Goodness me. New MPs have barely written their names on their new stationery and already a New Zealand First MP is making headlines for his nutty pronouncements.
Richard Prosser (rhymes with?) announced this week that the burqa should be banned, that the only people against the reintroduction of compulsory military training would be the cowards, the weaklings and the bludgers among us and has called for the arming of taxi drivers, dairy owners and most householders.
He even specified a weapon - a Walther PPK should be clipped to the sun-visor of every cab and police car, in Dick's view of the world.
He sounds like just another wannabe James Bond, who goes to bed every night in his camouflage tuxedo.
But his comment that, as recently as 1973, banks in this country kept guns under the counter and tellers were trained in the use of firearms, made me prick up my ears. My dad was a bank manager and I didn't recall him talking about the good old days when tellers handled pistols as easily as petty cash. But the stories of my talkback callers confirmed that Prosser was correct. There were, indeed, firearms kept under the counter of your local bank and tellers were required to attend training at least once a year.

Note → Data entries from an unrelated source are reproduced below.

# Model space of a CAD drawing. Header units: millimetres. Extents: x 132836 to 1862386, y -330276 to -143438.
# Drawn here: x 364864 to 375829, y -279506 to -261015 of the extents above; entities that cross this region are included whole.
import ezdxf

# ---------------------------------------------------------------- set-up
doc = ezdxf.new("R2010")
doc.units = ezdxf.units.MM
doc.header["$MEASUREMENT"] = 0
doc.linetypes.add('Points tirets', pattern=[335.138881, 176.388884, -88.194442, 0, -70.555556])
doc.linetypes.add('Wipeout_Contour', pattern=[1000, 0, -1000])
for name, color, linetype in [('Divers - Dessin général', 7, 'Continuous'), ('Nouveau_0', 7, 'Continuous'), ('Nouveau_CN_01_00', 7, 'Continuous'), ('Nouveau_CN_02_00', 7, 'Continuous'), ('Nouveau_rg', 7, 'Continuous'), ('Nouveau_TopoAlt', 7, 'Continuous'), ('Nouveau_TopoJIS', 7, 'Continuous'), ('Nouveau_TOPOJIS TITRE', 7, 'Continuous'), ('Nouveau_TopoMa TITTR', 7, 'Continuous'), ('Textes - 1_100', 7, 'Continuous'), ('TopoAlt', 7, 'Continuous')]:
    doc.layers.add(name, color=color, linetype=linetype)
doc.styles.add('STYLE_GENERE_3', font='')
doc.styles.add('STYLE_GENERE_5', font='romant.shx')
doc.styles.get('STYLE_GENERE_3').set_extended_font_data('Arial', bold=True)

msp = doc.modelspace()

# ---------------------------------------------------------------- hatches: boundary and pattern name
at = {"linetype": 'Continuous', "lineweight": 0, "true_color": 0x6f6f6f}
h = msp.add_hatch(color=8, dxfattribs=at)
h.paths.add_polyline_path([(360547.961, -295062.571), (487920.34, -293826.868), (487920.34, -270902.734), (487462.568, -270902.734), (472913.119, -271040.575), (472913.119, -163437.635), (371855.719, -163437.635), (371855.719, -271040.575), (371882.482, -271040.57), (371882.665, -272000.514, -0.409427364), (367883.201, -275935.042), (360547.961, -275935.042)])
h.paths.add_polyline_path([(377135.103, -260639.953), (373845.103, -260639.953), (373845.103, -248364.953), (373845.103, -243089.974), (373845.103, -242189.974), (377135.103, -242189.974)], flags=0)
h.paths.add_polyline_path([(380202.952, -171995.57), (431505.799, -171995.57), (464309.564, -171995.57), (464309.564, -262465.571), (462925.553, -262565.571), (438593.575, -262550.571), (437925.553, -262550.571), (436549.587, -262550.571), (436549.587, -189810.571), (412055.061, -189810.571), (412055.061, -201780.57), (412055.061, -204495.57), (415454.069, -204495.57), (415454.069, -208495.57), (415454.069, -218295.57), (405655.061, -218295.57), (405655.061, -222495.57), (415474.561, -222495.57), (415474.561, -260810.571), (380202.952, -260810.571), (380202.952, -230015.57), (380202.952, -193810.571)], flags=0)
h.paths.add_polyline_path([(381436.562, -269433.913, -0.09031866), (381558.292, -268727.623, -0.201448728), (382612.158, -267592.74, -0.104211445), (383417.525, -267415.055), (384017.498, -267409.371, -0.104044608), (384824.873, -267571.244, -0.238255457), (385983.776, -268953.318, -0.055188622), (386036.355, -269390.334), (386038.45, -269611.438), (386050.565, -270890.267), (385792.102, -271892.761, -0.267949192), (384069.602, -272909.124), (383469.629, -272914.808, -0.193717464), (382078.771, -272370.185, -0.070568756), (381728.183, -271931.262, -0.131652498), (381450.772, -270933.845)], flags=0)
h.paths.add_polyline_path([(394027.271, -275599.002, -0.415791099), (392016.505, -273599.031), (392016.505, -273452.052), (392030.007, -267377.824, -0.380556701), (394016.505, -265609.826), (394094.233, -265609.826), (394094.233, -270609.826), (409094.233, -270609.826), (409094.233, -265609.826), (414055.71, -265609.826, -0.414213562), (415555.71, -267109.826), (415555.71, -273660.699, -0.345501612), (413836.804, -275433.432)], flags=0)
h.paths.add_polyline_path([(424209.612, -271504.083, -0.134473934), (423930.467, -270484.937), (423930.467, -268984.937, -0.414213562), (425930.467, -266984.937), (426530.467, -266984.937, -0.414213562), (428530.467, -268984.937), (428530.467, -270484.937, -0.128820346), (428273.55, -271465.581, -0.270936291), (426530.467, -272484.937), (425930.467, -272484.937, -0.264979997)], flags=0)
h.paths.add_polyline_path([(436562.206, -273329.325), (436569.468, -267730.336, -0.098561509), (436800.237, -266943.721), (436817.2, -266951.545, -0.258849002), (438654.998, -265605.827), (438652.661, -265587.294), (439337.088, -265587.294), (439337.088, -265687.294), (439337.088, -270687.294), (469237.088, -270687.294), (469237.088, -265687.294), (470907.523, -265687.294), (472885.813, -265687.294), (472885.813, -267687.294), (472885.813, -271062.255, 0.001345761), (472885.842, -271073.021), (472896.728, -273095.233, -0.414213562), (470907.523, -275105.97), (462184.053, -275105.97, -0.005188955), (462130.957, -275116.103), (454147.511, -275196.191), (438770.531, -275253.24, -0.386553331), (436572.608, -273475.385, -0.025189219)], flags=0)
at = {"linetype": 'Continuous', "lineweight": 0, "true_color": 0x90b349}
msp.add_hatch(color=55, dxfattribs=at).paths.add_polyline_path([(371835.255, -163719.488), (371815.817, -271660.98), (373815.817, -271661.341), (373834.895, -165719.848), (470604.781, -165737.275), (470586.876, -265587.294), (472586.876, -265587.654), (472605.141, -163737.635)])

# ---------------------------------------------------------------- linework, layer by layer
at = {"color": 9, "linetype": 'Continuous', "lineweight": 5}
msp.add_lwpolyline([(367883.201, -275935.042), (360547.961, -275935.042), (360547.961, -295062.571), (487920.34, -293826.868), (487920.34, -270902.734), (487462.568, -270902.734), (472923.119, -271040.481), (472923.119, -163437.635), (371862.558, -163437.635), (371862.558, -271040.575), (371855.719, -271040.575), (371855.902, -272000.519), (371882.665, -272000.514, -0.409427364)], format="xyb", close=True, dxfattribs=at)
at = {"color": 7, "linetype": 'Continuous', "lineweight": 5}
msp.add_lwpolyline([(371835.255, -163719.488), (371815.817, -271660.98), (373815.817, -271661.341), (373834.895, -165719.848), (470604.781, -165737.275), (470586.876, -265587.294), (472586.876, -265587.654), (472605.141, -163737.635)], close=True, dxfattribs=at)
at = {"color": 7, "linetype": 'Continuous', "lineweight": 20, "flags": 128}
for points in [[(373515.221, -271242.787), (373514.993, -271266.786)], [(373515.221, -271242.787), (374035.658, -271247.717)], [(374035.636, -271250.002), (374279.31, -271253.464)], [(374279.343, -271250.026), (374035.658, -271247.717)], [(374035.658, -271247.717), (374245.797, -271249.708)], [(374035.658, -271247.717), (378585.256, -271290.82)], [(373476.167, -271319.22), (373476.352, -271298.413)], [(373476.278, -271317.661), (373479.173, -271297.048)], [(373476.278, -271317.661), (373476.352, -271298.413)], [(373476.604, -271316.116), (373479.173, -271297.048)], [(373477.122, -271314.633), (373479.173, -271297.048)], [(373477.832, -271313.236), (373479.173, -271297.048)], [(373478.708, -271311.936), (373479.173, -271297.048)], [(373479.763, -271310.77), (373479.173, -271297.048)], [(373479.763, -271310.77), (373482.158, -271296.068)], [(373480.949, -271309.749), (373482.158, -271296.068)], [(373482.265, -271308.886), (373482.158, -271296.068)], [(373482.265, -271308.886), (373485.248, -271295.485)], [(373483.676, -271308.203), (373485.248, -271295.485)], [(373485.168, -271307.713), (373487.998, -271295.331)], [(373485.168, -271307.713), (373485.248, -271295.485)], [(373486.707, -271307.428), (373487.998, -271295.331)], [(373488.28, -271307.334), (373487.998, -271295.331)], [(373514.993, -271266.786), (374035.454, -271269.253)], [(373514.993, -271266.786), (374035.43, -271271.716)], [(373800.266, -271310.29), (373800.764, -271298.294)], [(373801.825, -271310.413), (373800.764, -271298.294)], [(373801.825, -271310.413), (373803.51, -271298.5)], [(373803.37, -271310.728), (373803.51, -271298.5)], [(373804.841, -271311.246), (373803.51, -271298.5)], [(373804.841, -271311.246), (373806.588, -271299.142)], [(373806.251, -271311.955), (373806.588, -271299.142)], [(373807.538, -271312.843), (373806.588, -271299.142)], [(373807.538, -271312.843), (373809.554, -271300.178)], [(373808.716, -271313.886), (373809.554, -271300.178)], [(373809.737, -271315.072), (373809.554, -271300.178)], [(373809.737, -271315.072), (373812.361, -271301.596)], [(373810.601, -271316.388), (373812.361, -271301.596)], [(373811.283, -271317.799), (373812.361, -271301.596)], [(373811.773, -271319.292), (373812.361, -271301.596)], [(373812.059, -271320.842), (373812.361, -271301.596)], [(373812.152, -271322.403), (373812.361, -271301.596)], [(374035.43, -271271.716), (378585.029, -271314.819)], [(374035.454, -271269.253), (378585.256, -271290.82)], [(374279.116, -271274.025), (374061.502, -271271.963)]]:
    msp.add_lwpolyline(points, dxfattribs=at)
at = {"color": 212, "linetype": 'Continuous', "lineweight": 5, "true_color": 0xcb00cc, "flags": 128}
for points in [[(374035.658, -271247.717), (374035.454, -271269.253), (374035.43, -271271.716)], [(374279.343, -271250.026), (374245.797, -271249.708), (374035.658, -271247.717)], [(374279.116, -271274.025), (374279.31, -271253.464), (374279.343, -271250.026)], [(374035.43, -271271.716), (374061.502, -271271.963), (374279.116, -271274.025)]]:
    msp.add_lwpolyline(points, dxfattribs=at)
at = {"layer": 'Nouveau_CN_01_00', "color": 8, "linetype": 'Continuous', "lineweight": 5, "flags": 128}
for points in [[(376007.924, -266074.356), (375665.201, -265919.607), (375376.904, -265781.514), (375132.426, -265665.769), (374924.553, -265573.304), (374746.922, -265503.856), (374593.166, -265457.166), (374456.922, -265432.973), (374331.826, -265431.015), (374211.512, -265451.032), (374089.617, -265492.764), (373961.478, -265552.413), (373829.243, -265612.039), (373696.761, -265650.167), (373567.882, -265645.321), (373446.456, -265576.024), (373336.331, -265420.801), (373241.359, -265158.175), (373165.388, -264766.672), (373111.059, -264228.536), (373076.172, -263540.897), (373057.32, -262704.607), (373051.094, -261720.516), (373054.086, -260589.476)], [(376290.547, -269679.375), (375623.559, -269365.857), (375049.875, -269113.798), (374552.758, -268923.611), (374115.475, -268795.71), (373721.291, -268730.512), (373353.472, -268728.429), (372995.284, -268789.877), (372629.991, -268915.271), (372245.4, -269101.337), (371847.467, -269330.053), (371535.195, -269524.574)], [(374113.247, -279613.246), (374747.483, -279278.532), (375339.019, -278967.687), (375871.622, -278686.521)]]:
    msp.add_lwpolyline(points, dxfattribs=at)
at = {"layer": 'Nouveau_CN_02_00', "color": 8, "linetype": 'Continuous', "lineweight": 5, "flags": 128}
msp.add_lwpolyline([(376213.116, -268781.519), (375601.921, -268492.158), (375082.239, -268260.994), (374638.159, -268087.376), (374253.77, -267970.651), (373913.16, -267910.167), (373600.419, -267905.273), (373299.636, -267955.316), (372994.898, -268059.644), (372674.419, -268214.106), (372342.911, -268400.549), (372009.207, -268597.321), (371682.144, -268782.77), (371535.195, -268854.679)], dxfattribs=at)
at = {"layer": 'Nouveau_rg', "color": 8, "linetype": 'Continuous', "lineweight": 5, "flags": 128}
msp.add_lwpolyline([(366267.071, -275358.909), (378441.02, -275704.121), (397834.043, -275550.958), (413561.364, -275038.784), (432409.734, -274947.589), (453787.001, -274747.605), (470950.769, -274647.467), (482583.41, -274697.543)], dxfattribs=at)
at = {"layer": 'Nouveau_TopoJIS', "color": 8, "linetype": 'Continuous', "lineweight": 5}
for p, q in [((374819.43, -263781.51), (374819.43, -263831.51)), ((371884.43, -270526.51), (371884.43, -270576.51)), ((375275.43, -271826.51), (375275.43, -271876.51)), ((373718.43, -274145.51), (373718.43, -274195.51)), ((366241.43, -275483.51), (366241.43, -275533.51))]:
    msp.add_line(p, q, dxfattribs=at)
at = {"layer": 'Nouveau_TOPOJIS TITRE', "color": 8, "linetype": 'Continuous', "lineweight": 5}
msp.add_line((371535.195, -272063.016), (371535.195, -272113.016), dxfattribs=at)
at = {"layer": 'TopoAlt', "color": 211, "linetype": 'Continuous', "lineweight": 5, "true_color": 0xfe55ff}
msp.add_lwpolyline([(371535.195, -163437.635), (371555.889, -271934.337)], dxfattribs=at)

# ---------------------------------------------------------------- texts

What was extraordinary was the social history uncovered during those conversations. In those pre-electronic banking days, young people would drive through the provinces or walk the streets delivering and collecting huge sums of money on a timetable as regular as clockwork. Everybody in Manawatu knew that every second Wednesday, Frank would arrive in his Mark 4 Cortina to deliver the cash wages for the workers in the dairy factory down the line. Everybody in Coromandel knew that every Friday at 10.30am to the second, Mike would leave Waihi for Whangamata in his yellow-and-black Torana to collect the money from the sub-branch, and then drive back to Waihi with thousands of dollars in the boot.
Young kids, working as runners at the races, carried thousands of pounds in canvas bank bags to the main office, pushing through crowds of punters to get there, and young accounts clerks walked Lambton Quay with a king's ransom in their black carry bags and pistols in their pockets. And not once did they think they might be attacked.
They were simpler times, all right. Where were all the entrepreneurial criminals? Surely they didn't think a callow youth with a clunky ex-army Colt was any sort of impediment to getting their hands on easy money?
It shows the mindset back in the day. I suppose full employment meant that people were simply too busy or tired to go out robbing people within a community they felt a part of.
Anyway. I owe Prosser. Without that little nugget of information inside the dross of his public pronouncements, I would never have heard so many interesting stories.